Top of Source records

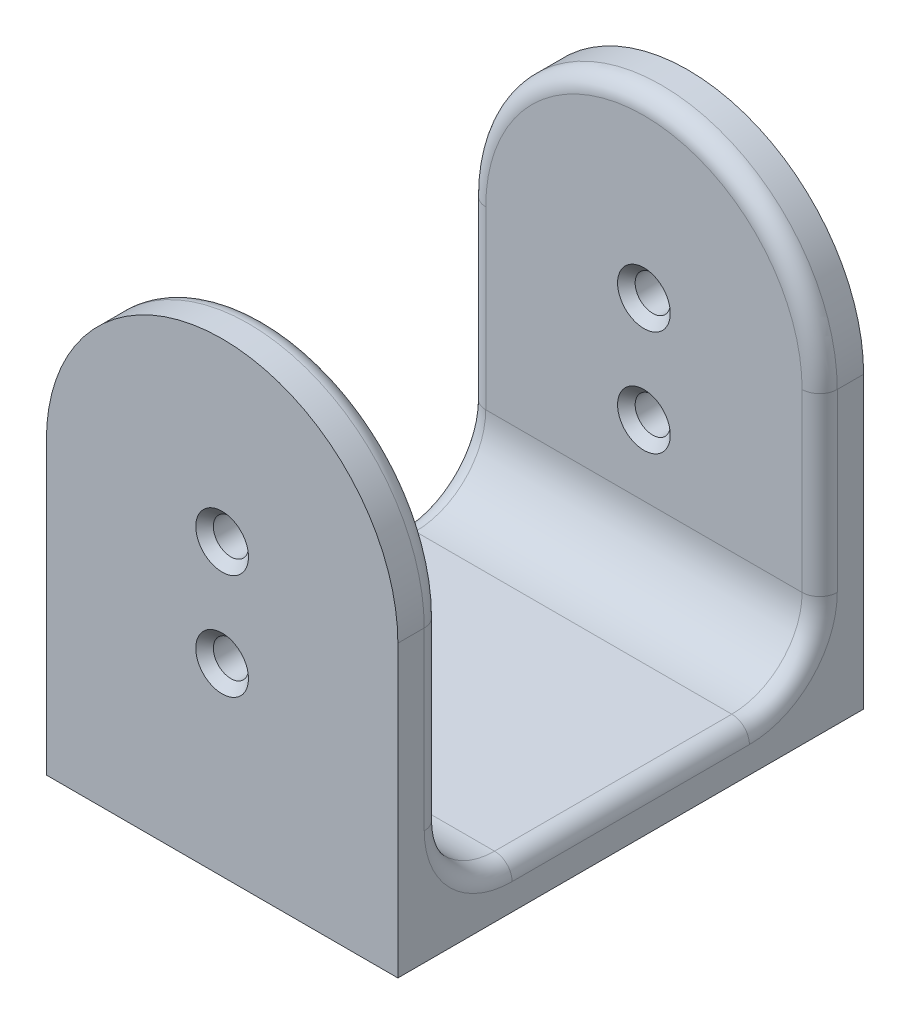
ISO-10303-21;
HEADER;
FILE_DESCRIPTION(('STEP AP214'),'2;1');
FILE_NAME('part.step','',(''),(''),'','','');
FILE_SCHEMA(('AUTOMOTIVE_DESIGN { 1 0 10303 214 1 1 1 1 }'));
ENDSEC;
DATA;
#1=APPLICATION_CONTEXT('core data for automotive mechanical design processes');
#2=APPLICATION_PROTOCOL_DEFINITION('international standard','automotive_design',2000,#1);
#3=PRODUCT_CONTEXT('',#1,'mechanical');
#4=PRODUCT('Part','Part','',(#3));
#5=PRODUCT_RELATED_PRODUCT_CATEGORY('part','',(#4));
#6=PRODUCT_DEFINITION_FORMATION('','',#4);
#7=PRODUCT_DEFINITION_CONTEXT('part definition',#1,'design');
#8=PRODUCT_DEFINITION('design','',#6,#7);
#9=PRODUCT_DEFINITION_SHAPE('','',#8);
#10=(LENGTH_UNIT() NAMED_UNIT(*) SI_UNIT(.MILLI.,.METRE.));
#11=(NAMED_UNIT(*) PLANE_ANGLE_UNIT() SI_UNIT($,.RADIAN.));
#12=(NAMED_UNIT(*) SI_UNIT($,.STERADIAN.) SOLID_ANGLE_UNIT());
#13=UNCERTAINTY_MEASURE_WITH_UNIT(LENGTH_MEASURE(1.E-05),#10,'distance_accuracy_value','');
#14=(GEOMETRIC_REPRESENTATION_CONTEXT(3) GLOBAL_UNCERTAINTY_ASSIGNED_CONTEXT((#13)) GLOBAL_UNIT_ASSIGNED_CONTEXT((#10,
#11,#12)) REPRESENTATION_CONTEXT('',''));
#15=CARTESIAN_POINT('',(0.,0.,0.));
#16=DIRECTION('',(0.,0.,1.));
#17=DIRECTION('',(1.,0.,0.));
#18=AXIS2_PLACEMENT_3D('',#15,#16,#17);
#19=CARTESIAN_POINT('',(0.,5.,-50.5));
#20=DIRECTION('',(0.,-1.,0.));
#21=DIRECTION('',(1.,0.,0.));
#22=AXIS2_PLACEMENT_3D('',#19,#20,#21);
#23=PLANE('',#22);
#24=DIRECTION('',(-1.,0.,0.));
#25=VECTOR('',#24,1.);
#26=CARTESIAN_POINT('',(-20.,5.,-37.5));
#27=LINE('',#26,#25);
#28=CARTESIAN_POINT('',(18.,5.,-37.5));
#29=VERTEX_POINT('',#28);
#30=CARTESIAN_POINT('',(-18.,5.,-37.5));
#31=VERTEX_POINT('',#30);
#32=EDGE_CURVE('E233',#29,#31,#27,.T.);
#33=ORIENTED_EDGE('',*,*,#32,.T.);
#34=DIRECTION('',(0.,0.,1.));
#35=VECTOR('',#34,1.);
#36=CARTESIAN_POINT('',(-18.,5.,-50.5));
#37=LINE('',#36,#35);
#38=CARTESIAN_POINT('',(-18.,5.,-10.5));
#39=VERTEX_POINT('',#38);
#40=EDGE_CURVE('E312',#31,#39,#37,.T.);
#41=ORIENTED_EDGE('',*,*,#40,.T.);
#42=DIRECTION('',(-1.,0.,0.));
#43=VECTOR('',#42,1.);
#44=CARTESIAN_POINT('',(0.,5.,-10.5));
#45=LINE('',#44,#43);
#46=CARTESIAN_POINT('',(18.,5.,-10.5));
#47=VERTEX_POINT('',#46);
#48=EDGE_CURVE('E229',#39,#47,#45,.F.);
#49=ORIENTED_EDGE('',*,*,#48,.T.);
#50=DIRECTION('',(0.,0.,1.));
#51=VECTOR('',#50,1.);
#52=CARTESIAN_POINT('',(18.,5.,-50.5));
#53=LINE('',#52,#51);
#54=EDGE_CURVE('E309',#47,#29,#53,.F.);
#55=ORIENTED_EDGE('',*,*,#54,.T.);
#56=EDGE_LOOP('',(#33,#41,#49,#55));
#57=FACE_BOUND('',#56,.T.);
#58=ADVANCED_FACE('F45',(#57),#23,.F.);
#59=CARTESIAN_POINT('',(0.,33.,-2.5));
#60=DIRECTION('',(0.,0.,-1.));
#61=DIRECTION('',(-1.,0.,0.));
#62=AXIS2_PLACEMENT_3D('',#59,#60,#61);
#63=PLANE('',#62);
#64=CARTESIAN_POINT('',(0.,21.,-2.5));
#65=DIRECTION('',(0.,0.,-1.));
#66=DIRECTION('',(-1.,0.,0.));
#67=AXIS2_PLACEMENT_3D('',#64,#65,#66);
#68=CIRCLE('',#67,3.00000000000001);
#69=CARTESIAN_POINT('',(-3.00000000000001,21.,-2.5));
#70=VERTEX_POINT('',#69);
#71=EDGE_CURVE('E360',#70,#70,#68,.F.);
#72=ORIENTED_EDGE('',*,*,#71,.T.);
#73=EDGE_LOOP('',(#72));
#74=FACE_BOUND('',#73,.T.);
#75=CARTESIAN_POINT('',(0.,33.,-2.5));
#76=DIRECTION('',(0.,0.,-1.));
#77=DIRECTION('',(-1.,0.,0.));
#78=AXIS2_PLACEMENT_3D('',#75,#76,#77);
#79=CIRCLE('',#78,3.00000000000001);
#80=CARTESIAN_POINT('',(-3.00000000000001,33.,-2.5));
#81=VERTEX_POINT('',#80);
#82=EDGE_CURVE('E315',#81,#81,#79,.F.);
#83=ORIENTED_EDGE('',*,*,#82,.T.);
#84=EDGE_LOOP('',(#83));
#85=FACE_BOUND('',#84,.T.);
#86=CARTESIAN_POINT('',(0.,33.,-2.5));
#87=DIRECTION('',(0.,0.,-1.));
#88=DIRECTION('',(-1.,0.,0.));
#89=AXIS2_PLACEMENT_3D('',#86,#87,#88);
#90=CIRCLE('',#89,18.);
#91=CARTESIAN_POINT('',(-18.,33.,-2.5));
#92=VERTEX_POINT('',#91);
#93=CARTESIAN_POINT('',(18.,33.,-2.5));
#94=VERTEX_POINT('',#93);
#95=EDGE_CURVE('E62',#92,#94,#90,.T.);
#96=ORIENTED_EDGE('',*,*,#95,.T.);
#97=DIRECTION('',(0.,1.,0.));
#98=VECTOR('',#97,1.);
#99=CARTESIAN_POINT('',(18.,13.,-2.5));
#100=LINE('',#99,#98);
#101=CARTESIAN_POINT('',(18.,13.,-2.5));
#102=VERTEX_POINT('',#101);
#103=EDGE_CURVE('E304',#94,#102,#100,.F.);
#104=ORIENTED_EDGE('',*,*,#103,.T.);
#105=DIRECTION('',(-1.,0.,0.));
#106=VECTOR('',#105,1.);
#107=CARTESIAN_POINT('',(0.,13.,-2.5));
#108=LINE('',#107,#106);
#109=CARTESIAN_POINT('',(-18.,13.,-2.5));
#110=VERTEX_POINT('',#109);
#111=EDGE_CURVE('E241',#102,#110,#108,.T.);
#112=ORIENTED_EDGE('',*,*,#111,.T.);
#113=DIRECTION('',(0.,-1.,0.));
#114=VECTOR('',#113,1.);
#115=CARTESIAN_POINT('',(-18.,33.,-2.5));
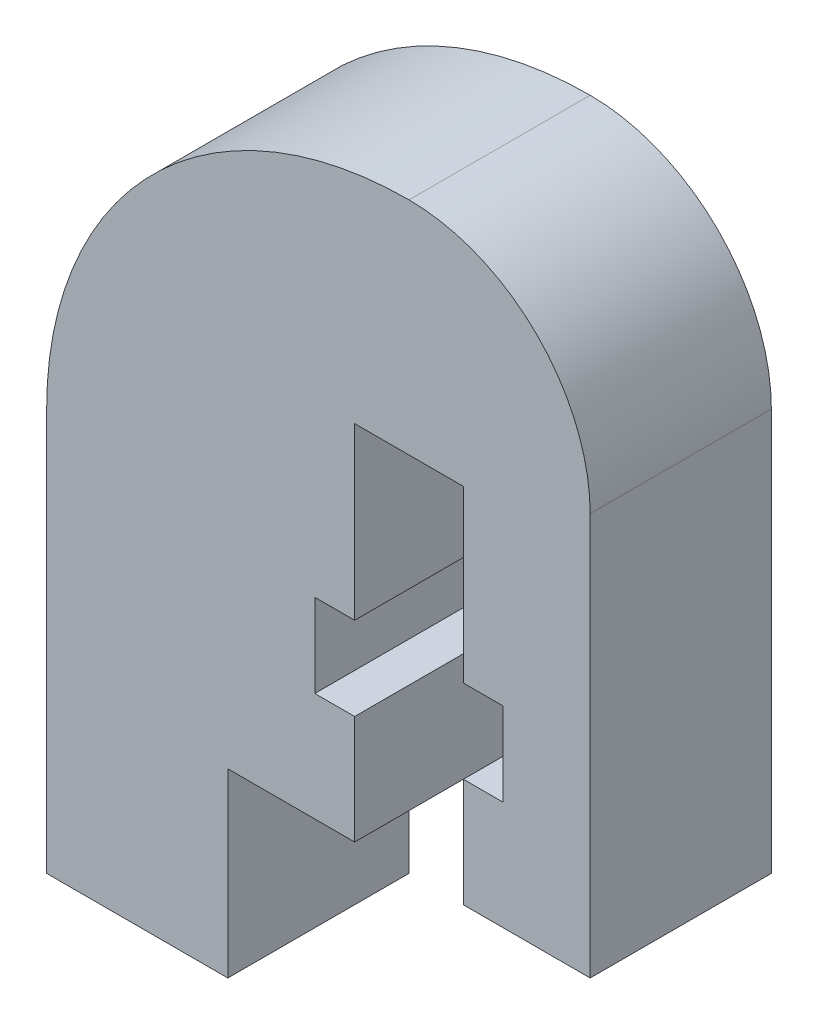
ISO-10303-21;
HEADER;
FILE_DESCRIPTION(('STEP AP214'),'2;1');
FILE_NAME('part.step','',(''),(''),'','','');
FILE_SCHEMA(('AUTOMOTIVE_DESIGN { 1 0 10303 214 1 1 1 1 }'));
ENDSEC;
DATA;
#1=APPLICATION_CONTEXT('core data for automotive mechanical design processes');
#2=APPLICATION_PROTOCOL_DEFINITION('international standard','automotive_design',2000,#1);
#3=PRODUCT_CONTEXT('',#1,'mechanical');
#4=PRODUCT('Part','Part','',(#3));
#5=PRODUCT_RELATED_PRODUCT_CATEGORY('part','',(#4));
#6=PRODUCT_DEFINITION_FORMATION('','',#4);
#7=PRODUCT_DEFINITION_CONTEXT('part definition',#1,'design');
#8=PRODUCT_DEFINITION('design','',#6,#7);
#9=PRODUCT_DEFINITION_SHAPE('','',#8);
#10=(LENGTH_UNIT() NAMED_UNIT(*) SI_UNIT(.MILLI.,.METRE.));
#11=(NAMED_UNIT(*) PLANE_ANGLE_UNIT() SI_UNIT($,.RADIAN.));
#12=(NAMED_UNIT(*) SI_UNIT($,.STERADIAN.) SOLID_ANGLE_UNIT());
#13=UNCERTAINTY_MEASURE_WITH_UNIT(LENGTH_MEASURE(1.E-05),#10,'distance_accuracy_value','');
#14=(GEOMETRIC_REPRESENTATION_CONTEXT(3) GLOBAL_UNCERTAINTY_ASSIGNED_CONTEXT((#13)) GLOBAL_UNIT_ASSIGNED_CONTEXT((#10,
#11,#12)) REPRESENTATION_CONTEXT('',''));
#15=CARTESIAN_POINT('',(0.,0.,0.));
#16=DIRECTION('',(0.,0.,1.));
#17=DIRECTION('',(1.,0.,0.));
#18=AXIS2_PLACEMENT_3D('',#15,#16,#17);
#19=CARTESIAN_POINT('',(-18.4847998634987,8.,5.));
#20=DIRECTION('',(-1.,0.,0.));
#21=DIRECTION('',(0.,0.,1.));
#22=AXIS2_PLACEMENT_3D('',#19,#20,#21);
#23=PLANE('',#22);
#24=DIRECTION('',(0.,1.,0.));
#25=VECTOR('',#24,1.);
#26=CARTESIAN_POINT('',(-18.4847998634987,8.,0.));
#27=LINE('',#26,#25);
#28=CARTESIAN_POINT('',(-18.4847998634987,5.,0.));
#29=VERTEX_POINT('',#28);
#30=CARTESIAN_POINT('',(-18.4847998634987,8.,0.));
#31=VERTEX_POINT('',#30);
#32=EDGE_CURVE('E187',#29,#31,#27,.T.);
#33=ORIENTED_EDGE('',*,*,#32,.T.);
#34=DIRECTION('',(0.,0.,-1.));
#35=VECTOR('',#34,1.);
#36=CARTESIAN_POINT('',(-18.4847998634987,8.,5.));
#37=LINE('',#36,#35);
#38=CARTESIAN_POINT('',(-18.4847998634987,8.,5.));
#39=VERTEX_POINT('',#38);
#40=EDGE_CURVE('E168',#39,#31,#37,.T.);
#41=ORIENTED_EDGE('',*,*,#40,.F.);
#42=DIRECTION('',(0.,1.,0.));
#43=VECTOR('',#42,1.);
#44=CARTESIAN_POINT('',(-18.4847998634987,8.,5.));
#45=LINE('',#44,#43);
#46=CARTESIAN_POINT('',(-18.4847998634987,5.,5.));
#47=VERTEX_POINT('',#46);
#48=EDGE_CURVE('E175',#47,#39,#45,.T.);
#49=ORIENTED_EDGE('',*,*,#48,.F.);
#50=DIRECTION('',(0.,0.,-1.));
#51=VECTOR('',#50,1.);
#52=CARTESIAN_POINT('',(-18.4847998634987,5.,5.));
#53=LINE('',#52,#51);
#54=EDGE_CURVE('E236',#47,#29,#53,.T.);
#55=ORIENTED_EDGE('',*,*,#54,.T.);
#56=EDGE_LOOP('',(#33,#41,#49,#55));
#57=FACE_BOUND('',#56,.T.);
#58=ADVANCED_FACE('F33',(#57),#23,.F.);
#59=CARTESIAN_POINT('',(-18.4847998634987,8.,5.));
#60=DIRECTION('',(0.,-1.,0.));
#61=DIRECTION('',(1.,0.,0.));
#62=AXIS2_PLACEMENT_3D('',#59,#60,#61);
#63=PLANE('',#62);
#64=DIRECTION('',(-1.,0.,0.));
#65=VECTOR('',#64,1.);
#66=CARTESIAN_POINT('',(-18.4847998634987,8.,0.));
#67=LINE('',#66,#65);
#68=CARTESIAN_POINT('',(-19.5847998634987,8.00000000000001,0.));
#69=VERTEX_POINT('',#68);
#70=EDGE_CURVE('E289',#31,#69,#67,.T.);
#71=ORIENTED_EDGE('',*,*,#70,.T.);
#72=DIRECTION('',(0.,0.,-1.));
#73=VECTOR('',#72,1.);
#74=CARTESIAN_POINT('',(-19.5847998634987,8.00000000000001,5.));
#75=LINE('',#74,#73);
#76=CARTESIAN_POINT('',(-19.5847998634987,8.00000000000001,5.));
#77=VERTEX_POINT('',#76);
#78=EDGE_CURVE('E171',#77,#69,#75,.T.);
#79=ORIENTED_EDGE('',*,*,#78,.F.);
#80=DIRECTION('',(-1.,0.,0.));
#81=VECTOR('',#80,1.);
#82=CARTESIAN_POINT('',(-18.4847998634987,8.,5.));
#83=LINE('',#82,#81);
#84=EDGE_CURVE('E164',#39,#77,#83,.T.);
#85=ORIENTED_EDGE('',*,*,#84,.F.);
#86=ORIENTED_EDGE('',*,*,#40,.T.);
#87=EDGE_LOOP('',(#71,#79,#85,#86));
#88=FACE_BOUND('',#87,.T.);
#89=ADVANCED_FACE('F166',(#88),#63,.F.);
#90=CARTESIAN_POINT('',(-19.5847998634987,8.00000000000001,5.));
#91=DIRECTION('',(-1.,0.,0.));
#92=DIRECTION('',(0.,0.,1.));
#93=AXIS2_PLACEMENT_3D('',#90,#91,#92);
#94=PLANE('',#93);
#95=DIRECTION('',(0.,1.,0.));
#96=VECTOR('',#95,1.);
#97=CARTESIAN_POINT('',(-19.5847998634987,8.00000000000001,0.));
#98=LINE('',#97,#96);
#99=CARTESIAN_POINT('',(-19.5847998634987,10.3,0.));
#100=VERTEX_POINT('',#99);
#101=EDGE_CURVE('E283',#69,#100,#98,.T.);
#102=ORIENTED_EDGE('',*,*,#101,.T.);
#103=DIRECTION('',(0.,0.,-1.));
#104=VECTOR('',#103,1.);
#105=CARTESIAN_POINT('',(-19.5847998634987,10.3,5.));
#106=LINE('',#105,#104);
#107=CARTESIAN_POINT('',(-19.5847998634987,10.3,5.));
#108=VERTEX_POINT('',#107);
#109=EDGE_CURVE('E193',#108,#100,#106,.T.);
#110=ORIENTED_EDGE('',*,*,#109,.F.);
#111=DIRECTION('',(0.,1.,0.));
#112=VECTOR('',#111,1.);
#113=CARTESIAN_POINT('',(-19.5847998634987,8.00000000000001,5.));
#114=LINE('',#113,#112);
#115=EDGE_CURVE('E174',#77,#108,#114,.T.);
#116=ORIENTED_EDGE('',*,*,#115,.F.);
#117=ORIENTED_EDGE('',*,*,#78,.T.);
#118=EDGE_LOOP('',(#102,#110,#116,#117));
#119=FACE_BOUND('',#118,.T.);
#120=ADVANCED_FACE('F321',(#119),#94,.F.);
#121=CARTESIAN_POINT('',(-19.5847998634987,10.3,5.));
#122=DIRECTION('',(0.,1.,0.));
#123=DIRECTION('',(-1.,0.,0.));
#124=AXIS2_PLACEMENT_3D('',#121,#122,#123);
#125=PLANE('',#124);
#126=DIRECTION('',(1.,0.,0.));
#127=VECTOR('',#126,1.);
#128=CARTESIAN_POINT('',(-19.5847998634987,10.3,0.));
#129=LINE('',#128,#127);
#130=CARTESIAN_POINT('',(-18.4847998634987,10.3,0.));
#131=VERTEX_POINT('',#130);
#132=EDGE_CURVE('E278',#100,#131,#129,.T.);
#133=ORIENTED_EDGE('',*,*,#132,.T.);
#134=DIRECTION('',(0.,0.,-1.));
#135=VECTOR('',#134,1.);
#136=CARTESIAN_POINT('',(-18.4847998634987,10.3,5.));
#137=LINE('',#136,#135);
#138=CARTESIAN_POINT('',(-18.4847998634987,10.3,5.));
#139=VERTEX_POINT('',#138);
#140=EDGE_CURVE('E269',#139,#131,#137,.T.);
#141=ORIENTED_EDGE('',*,*,#140,.F.);
#142=DIRECTION('',(1.,0.,0.));
#143=VECTOR('',#142,1.);
#144=CARTESIAN_POINT('',(-19.5847998634987,10.3,5.));
#145=LINE('',#144,#143);
#146=EDGE_CURVE('E279',#108,#139,#145,.T.);
#147=ORIENTED_EDGE('',*,*,#146,.F.);
#148=ORIENTED_EDGE('',*,*,#109,.T.);
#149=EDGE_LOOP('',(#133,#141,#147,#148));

Bottom of Source records

• [Work instruction]
An exact copy of the lines above, from the one containing "#109=EDGE_CURVE('E193',#108,#100,#106,.T.);" through the one containing "#136=CARTESIAN_POINT('',(-18.4847998634987,10.3,5.));", is the whole of the answer.

• [Answer area]
#109=EDGE_CURVE('E193',#108,#100,#106,.T.);
#110=ORIENTED_EDGE('',*,*,#109,.F.);
#111=DIRECTION('',(0.,1.,0.));
#112=VECTOR('',#111,1.);
#113=CARTESIAN_POINT('',(-19.5847998634987,8.00000000000001,5.));
#114=LINE('',#113,#112);
#115=EDGE_CURVE('E174',#77,#108,#114,.T.);
#116=ORIENTED_EDGE('',*,*,#115,.F.);
#117=ORIENTED_EDGE('',*,*,#78,.T.);
#118=EDGE_LOOP('',(#102,#110,#116,#117));
#119=FACE_BOUND('',#118,.T.);
#120=ADVANCED_FACE('F321',(#119),#94,.F.);
#121=CARTESIAN_POINT('',(-19.5847998634987,10.3,5.));
#122=DIRECTION('',(0.,1.,0.));
#123=DIRECTION('',(-1.,0.,0.));
#124=AXIS2_PLACEMENT_3D('',#121,#122,#123);
#125=PLANE('',#124);
#126=DIRECTION('',(1.,0.,0.));
#127=VECTOR('',#126,1.);
#128=CARTESIAN_POINT('',(-19.5847998634987,10.3,0.));
#129=LINE('',#128,#127);
#130=CARTESIAN_POINT('',(-18.4847998634987,10.3,0.));
#131=VERTEX_POINT('',#130);
#132=EDGE_CURVE('E278',#100,#131,#129,.T.);
#133=ORIENTED_EDGE('',*,*,#132,.T.);
#134=DIRECTION('',(0.,0.,-1.));
#135=VECTOR('',#134,1.);
#136=CARTESIAN_POINT('',(-18.4847998634987,10.3,5.));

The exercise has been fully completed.